▶ **Problem details**: Which of the lines below include the word "MOLEX"? Pull each one out.

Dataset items

--- START ---

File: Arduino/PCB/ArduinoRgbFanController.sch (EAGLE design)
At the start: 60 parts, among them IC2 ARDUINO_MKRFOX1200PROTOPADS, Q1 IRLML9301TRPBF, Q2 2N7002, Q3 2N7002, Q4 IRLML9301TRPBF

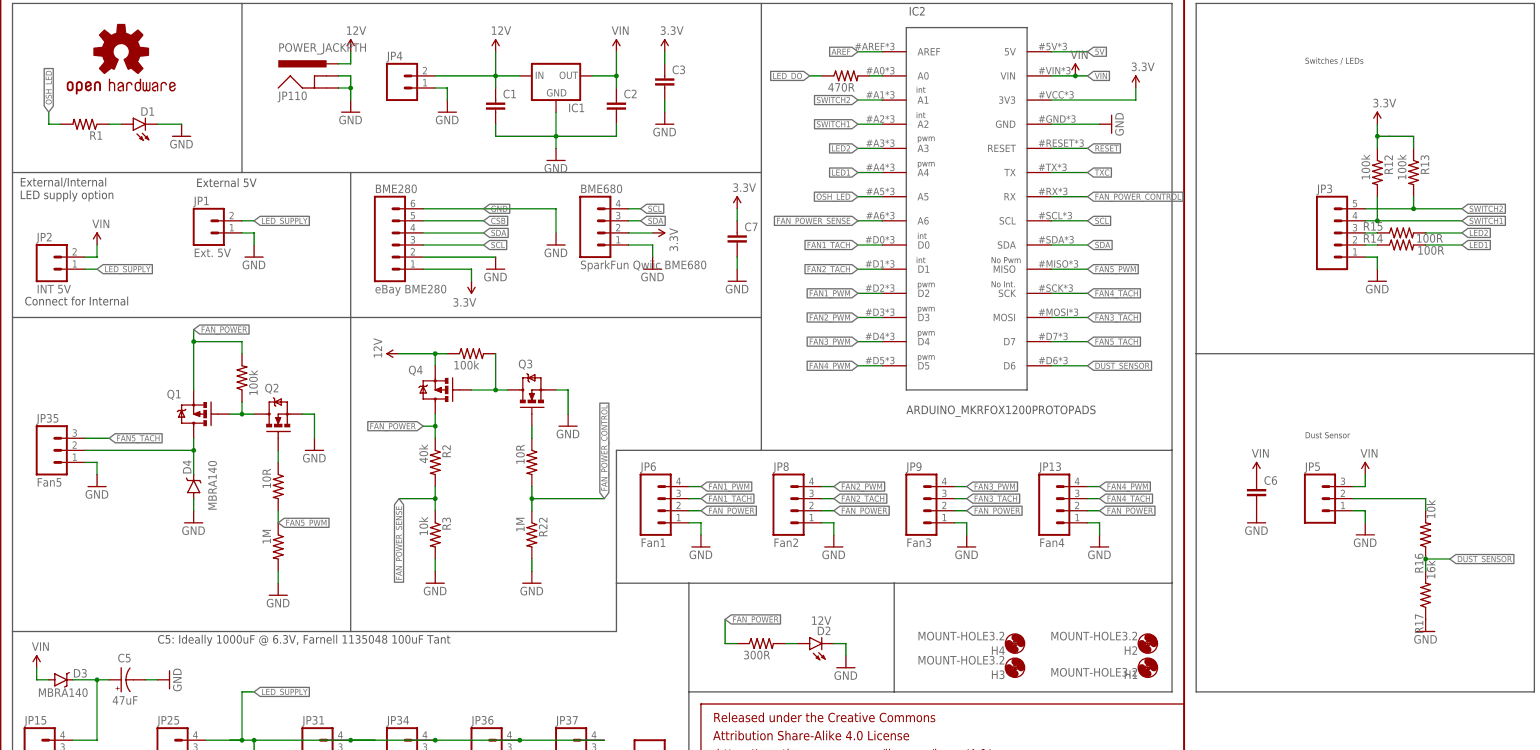
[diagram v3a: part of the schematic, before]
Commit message: Updated component values whilst building boards.
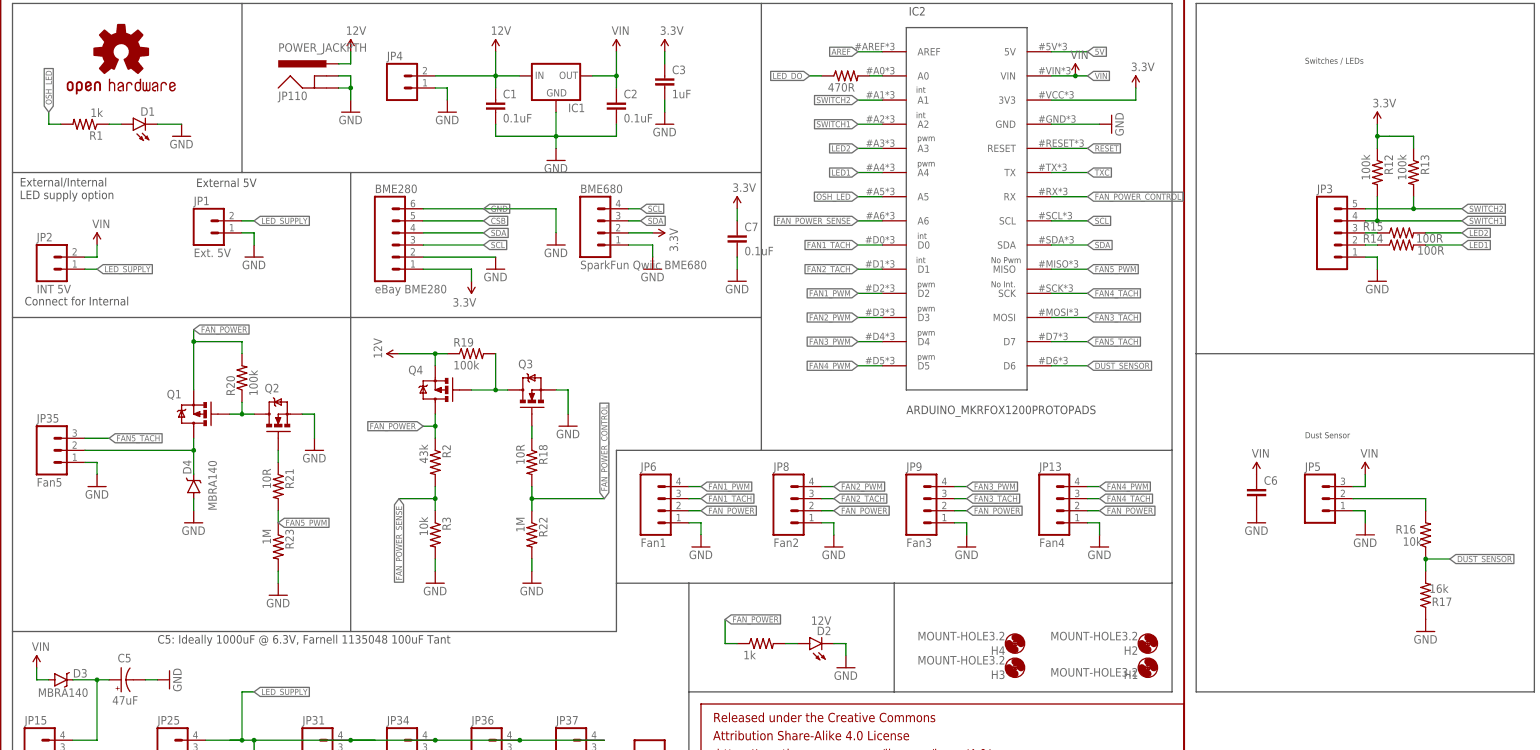
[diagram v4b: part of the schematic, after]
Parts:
- C1, C2, C7: value (none) -> 0.1uF
- C3: value (none) -> 1uF
- JP6: FARNELL (none) -> 2313705; MOLEX (none) -> 47053-1000
- Q1, Q4: value IRLML9301TRPBF -> IRLML930; FARNELL (none) -> 1831089
- Q2, Q3: FARNELL (none) -> 1510761
- R1: value (none) -> 1k
- R2: value 40k -> 43k
- R28: value 300R -> 1k
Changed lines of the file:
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@@
 <part name="FRAME1" library="SparkFun-Aesthetics" deviceset="FRAME-LETTER" device=""/>
 <part name="IC1" library="v-reg" deviceset="78XXS" device=""/>
-<part name="C1" library="SparkFun-Capacitors" deviceset="1UF-25V-10%(0805)" device="&quot;"/>
-<part name="C2" library="SparkFun-Capacitors" deviceset="1UF-25V-10%(0805)" device="&quot;"/>
+<part name="C1" library="SparkFun-Capacitors" deviceset="1UF-25V-10%(0805)" device="&quot;" value="0.1uF"/>
+<part name="C2" library="SparkFun-Capacitors" deviceset="1UF-25V-10%(0805)" device="&quot;" value="0.1uF"/>
 <part name="H1" library="holes" deviceset="MOUNT-HOLE" device="3.2"/>
 <part name="H2" library="holes" deviceset="MOUNT-HOLE" device="3.2"/>
@@
 <part name="H4" library="holes" deviceset="MOUNT-HOLE" device="3.2"/>
 <part name="D1" library="SparkFun-LED" deviceset="LED" device="1206-BOTTOM"/>
-<part name="R1" library="SparkFun-Resistors" deviceset="RESISTOR" device="0805-RES"/>
+<part name="R1" library="SparkFun-Resistors" deviceset="RESISTOR" device="0805-RES" value="1k"/>
 <part name="GND1" library="SparkFun-Aesthetics" deviceset="GND" device=""/>
 <part name="GND3" library="SparkFun-Aesthetics" deviceset="GND" device=""/>
@@
 <part name="SUPPLY12" library="SparkFun-Aesthetics" deviceset="12V" device=""/>
 <part name="GND11" library="SparkFun-Aesthetics" deviceset="GND" device=""/>
-<part name="C3" library="SparkFun-Capacitors" deviceset="1UF-25V-10%(0805)" device="&quot;"/>
+<part name="C3" library="SparkFun-Capacitors" deviceset="1UF-25V-10%(0805)" device="&quot;" value="1uF"/>
 <part name="SUPPLY14" library="SparkFun-Aesthetics" deviceset="3.3V" device=""/>
 <part name="GND12" library="SparkFun-Aesthetics" deviceset="GND" device=""/>
 <part name="LOGO3" library="SparkFun-Aesthetics" deviceset="OSHW-LOGO" device="M"/>
-<part name="C7" library="SparkFun-Capacitors" deviceset="1UF-25V-10%(0805)" device="&quot;"/>
+<part name="C7" library="SparkFun-Capacitors" deviceset="1UF-25V-10%(0805)" device="&quot;" value="0.1uF"/>
 <part name="SUPPLY17" library="SparkFun-Aesthetics" deviceset="3.3V" device=""/>
 <part name="GND15" library="SparkFun-Aesthetics" deviceset="GND" device=""/>
@@
 <part name="SUPPLY18" library="SparkFun-Aesthetics" deviceset="3.3V" device=""/>
 <part name="GND16" library="SparkFun-Aesthetics" deviceset="GND" device=""/>
-<part name="R28" library="SparkFun-Resistors" deviceset="RESISTOR" device="1206" value="300R"/>
+<part name="R28" library="SparkFun-Resistors" deviceset="RESISTOR" device="1206" value="1k"/>
 <part name="D2" library="SparkFun-LED" deviceset="LED-RED" device="1206" value="12V"/>
 <part name="GND2" library="SparkFun-Aesthetics" deviceset="GND" device=""/>
-<part name="JP6" library="SparkFun-Connectors" deviceset="M04" device="POLAR" value="Fan1"/>
+<part name="JP6" library="SparkFun-Connectors" deviceset="M04" device="POLAR" value="Fan1">
+<attribute name="FARNELL" value="2313705"/>
+<attribute name="MOLEX" value="47053-1000"/>
+</part>
 <part name="JP8" library="SparkFun-Connectors" deviceset="M04" device="POLAR" value="Fan2"/>
 <part name="JP9" library="SparkFun-Connectors" deviceset="M04" device="POLAR" value="Fan3"/>
@@
 <part name="GND21" library="SparkFun-Aesthetics" deviceset="GND" device=""/>
 <part name="GND22" library="SparkFun-Aesthetics" deviceset="GND" device=""/>
-<part name="Q1" library="SparkFun-DiscreteSemi" deviceset="MOSFET-PCHANNEL" device="" value="IRLML9301TRPBF"/>
-<part name="Q2" library="SparkFun-DiscreteSemi" deviceset="MOSFET-NCHANNEL" device="AO3404A" value="2N7002"/>
+<part name="Q1" library="SparkFun-DiscreteSemi" deviceset="MOSFET-PCHANNEL" device="" value="IRLML930">
+<attribute name="FARNELL" value="1831089"/>
+</part>
+<part name="Q2" library="SparkFun-DiscreteSemi" deviceset="MOSFET-NCHANNEL" device="AO3404A" value="2N7002">
+<attribute name="FARNELL" value="1510761"/>
+</part>
 <part name="R20" library="SparkFun-Resistors" deviceset="RESISTOR" device="0805-RES" value="100k"/>
 <part name="R21" library="SparkFun-Resistors" deviceset="RESISTOR" device="0805-RES" value="10R"/>
@@
 <part name="SUPPLY24" library="SparkFun-Aesthetics" deviceset="VIN" device=""/>
 <part name="SUPPLY25" library="SparkFun-Aesthetics" deviceset="VIN" device=""/>
-<part name="Q3" library="SparkFun-DiscreteSemi" deviceset="MOSFET-NCHANNEL" device="AO3404A" value="2N7002"/>
+<part name="Q3" library="SparkFun-DiscreteSemi" deviceset="MOSFET-NCHANNEL" device="AO3404A" value="2N7002">
+<attribute name="FARNELL" value="1510761"/>
+</part>
 <part name="R18" library="SparkFun-Resistors" deviceset="RESISTOR" device="0805-RES" value="10R"/>
-<part name="Q4" library="SparkFun-DiscreteSemi" deviceset="MOSFET-PCHANNEL" device="" value="IRLML9301TRPBF"/>
+<part name="Q4" library="SparkFun-DiscreteSemi" deviceset="MOSFET-PCHANNEL" device="" value="IRLML930">
+<attribute name="FARNELL" value="1831089"/>
+</part>
 <part name="R19" library="SparkFun-Resistors" deviceset="RESISTOR" device="0805-RES" value="100k"/>
 <part name="SUPPLY26" library="SparkFun-Aesthetics" deviceset="12V" device=""/>
@@
 <part name="SUPPLY2" library="SparkFun-Aesthetics" deviceset="VIN" device=""/>
 <part name="GND6" library="SparkFun-Aesthetics" deviceset="GND" device=""/>
-<part name="R2" library="SparkFun-Resistors" deviceset="RESISTOR" device="0805-RES" value="40k"/>
+<part name="R2" library="SparkFun-Resistors" deviceset="RESISTOR" device="0805-RES" value="43k"/>
 <part name="R3" library="SparkFun-Resistors" deviceset="RESISTOR" device="0805-RES" value="10k"/>
 <part name="GND7" library="SparkFun-Aesthetics" deviceset="GND" device=""/>
@@
 <instance part="D2" gate="G$1" x="170.18" y="48.26" rot="R90"/>
 <instance part="GND2" gate="1" x="177.8" y="43.18"/>
-<instance part="JP6" gate="G$1" x="139.7" y="76.2"/>
+<instance part="JP6" gate="G$1" x="139.7" y="76.2">
+<attribute name="FARNELL" x="139.7" y="76.2" size="1.778" layer="96" display="off"/>
+<attribute name="MOLEX" x="139.7" y="76.2" size="1.778" layer="96" display="off"/>
+</instance>
 <instance part="JP8" gate="G$1" x="167.64" y="76.2"/>
 <instance part="JP9" gate="G$1" x="195.58" y="76.2"/>
@@
 <instance part="Q1" gate="G$1" x="40.64" y="96.52" smashed="yes" rot="R180">
 <attribute name="NAME" x="38.1" y="101.6" size="1.778" layer="95" rot="R180"/>
+<attribute name="FARNELL" x="40.64" y="96.52" size="1.778" layer="96" rot="R180" display="off"/>
 </instance>
 <instance part="Q2" gate="G$1" x="58.42" y="96.52" smashed="yes" rot="R90">
 <attribute name="NAME" x="58.674" y="102.87" size="1.778" layer="95" rot="R180"/>
-</instance>
-<instance part="R20" gate="G$1" x="50.8" y="104.14" smashed="yes" rot="R90">
-<attribute name="VALUE" x="54.102" y="100.33" size="1.778" layer="96" rot="R90"/>
-</instance>
-<instance part="R21" gate="G$1" x="58.42" y="81.28" smashed="yes" rot="R270">
-<attribute name="VALUE" x="55.118" y="85.09" size="1.778" layer="96" rot="R270"/>
-</instance>
+<attribute name="FARNELL" x="58.42" y="96.52" size="1.778" layer="96" rot="R90" display="off"/>
+</instance>
+<instance part="R20" gate="G$1" x="50.8" y="104.14" rot="R90"/>
+<instance part="R21" gate="G$1" x="58.42" y="81.28" rot="R270"/>
 <instance part="GND23" gate="1" x="20.32" y="81.28"/>
 <instance part="GND24" gate="1" x="66.04" y="88.9"/>
@@
 <instance part="JP5" gate="G$1" x="276.86" y="78.74"/>
 <instance part="R16" gate="G$1" x="299.72" y="71.12" smashed="yes" rot="R90">
-<attribute name="NAME" x="299.2374" y="62.992" size="1.778" layer="95" rot="R90"/>
-<attribute name="VALUE" x="301.752" y="74.422" size="1.778" layer="96" rot="R90"/>
+<attribute name="NAME" x="297.688" y="73.1774" size="1.778" layer="95" rot="R180"/>
+<attribute name="VALUE" x="298.958" y="70.612" size="1.778" layer="96" rot="R180"/>
 </instance>
 <instance part="R17" gate="G$1" x="299.72" y="58.42" smashed="yes" rot="R90">
-<attribute name="NAME" x="299.2374" y="50.292" size="1.778" layer="95" rot="R90"/>
-<attribute name="VALUE" x="301.752" y="61.722" size="1.778" layer="96" rot="R90"/>
+<attribute name="NAME" x="305.308" y="57.9374" size="1.778" layer="95" rot="R180"/>
+<attribute name="VALUE" x="300.482" y="58.928" size="1.778" layer="96"/>
 </instance>
 <instance part="GND34" gate="1" x="287.02" y="71.12"/>
@@
 <instance part="Q3" gate="G$1" x="111.76" y="101.6" smashed="yes" rot="R90">
 <attribute name="NAME" x="112.014" y="107.95" size="1.778" layer="95" rot="R180"/>
-</instance>
-<instance part="R18" gate="G$1" x="111.76" y="86.36" smashed="yes" rot="R270">
-<attribute name="VALUE" x="108.458" y="90.17" size="1.778" layer="96" rot="R270"/>
-</instance>
+<attribute name="FARNELL" x="111.76" y="101.6" size="1.778" layer="96" rot="R90" display="off"/>
+</instance>
+<instance part="R18" gate="G$1" x="111.76" y="86.36" rot="R270"/>
 <instance part="Q4" gate="G$1" x="91.44" y="101.6" smashed="yes" rot="R180">
 <attribute name="NAME" x="88.9" y="106.68" size="1.778" layer="95" rot="R180"/>
-</instance>
-<instance part="R19" gate="G$1" x="99.06" y="109.22" smashed="yes">
-<attribute name="VALUE" x="95.25" y="105.918" size="1.778" layer="96"/>
-</instance>
+<attribute name="FARNELL" x="91.44" y="101.6" size="1.778" layer="96" rot="R180" display="off"/>
+</instance>
+<instance part="R19" gate="G$1" x="99.06" y="109.22"/>
 <instance part="SUPPLY26" gate="G$1" x="83.82" y="109.22" rot="R90"/>
 <instance part="GND36" gate="1" x="119.38" y="93.98"/>
@@
 </instance>
 <instance part="GND37" gate="1" x="111.76" y="60.96"/>
-<instance part="R23" gate="G$1" x="58.42" y="68.58" smashed="yes" rot="R270">
-<attribute name="VALUE" x="55.118" y="72.39" size="1.778" layer="96" rot="R270"/>
-</instance>
+<instance part="R23" gate="G$1" x="58.42" y="68.58" rot="R270"/>
 <instance part="GND38" gate="1" x="58.42" y="58.42"/>
 <instance part="C6" gate="G$1" x="264.16" y="78.74"/>

--- END ---

▶ **Answer section**:
- JP6: FARNELL (none) -> 2313705; MOLEX (none) -> 47053-1000
+<attribute name="MOLEX" value="47053-1000"/>
+<attribute name="MOLEX" x="139.7" y="76.2" size="1.778" layer="96" display="off"/>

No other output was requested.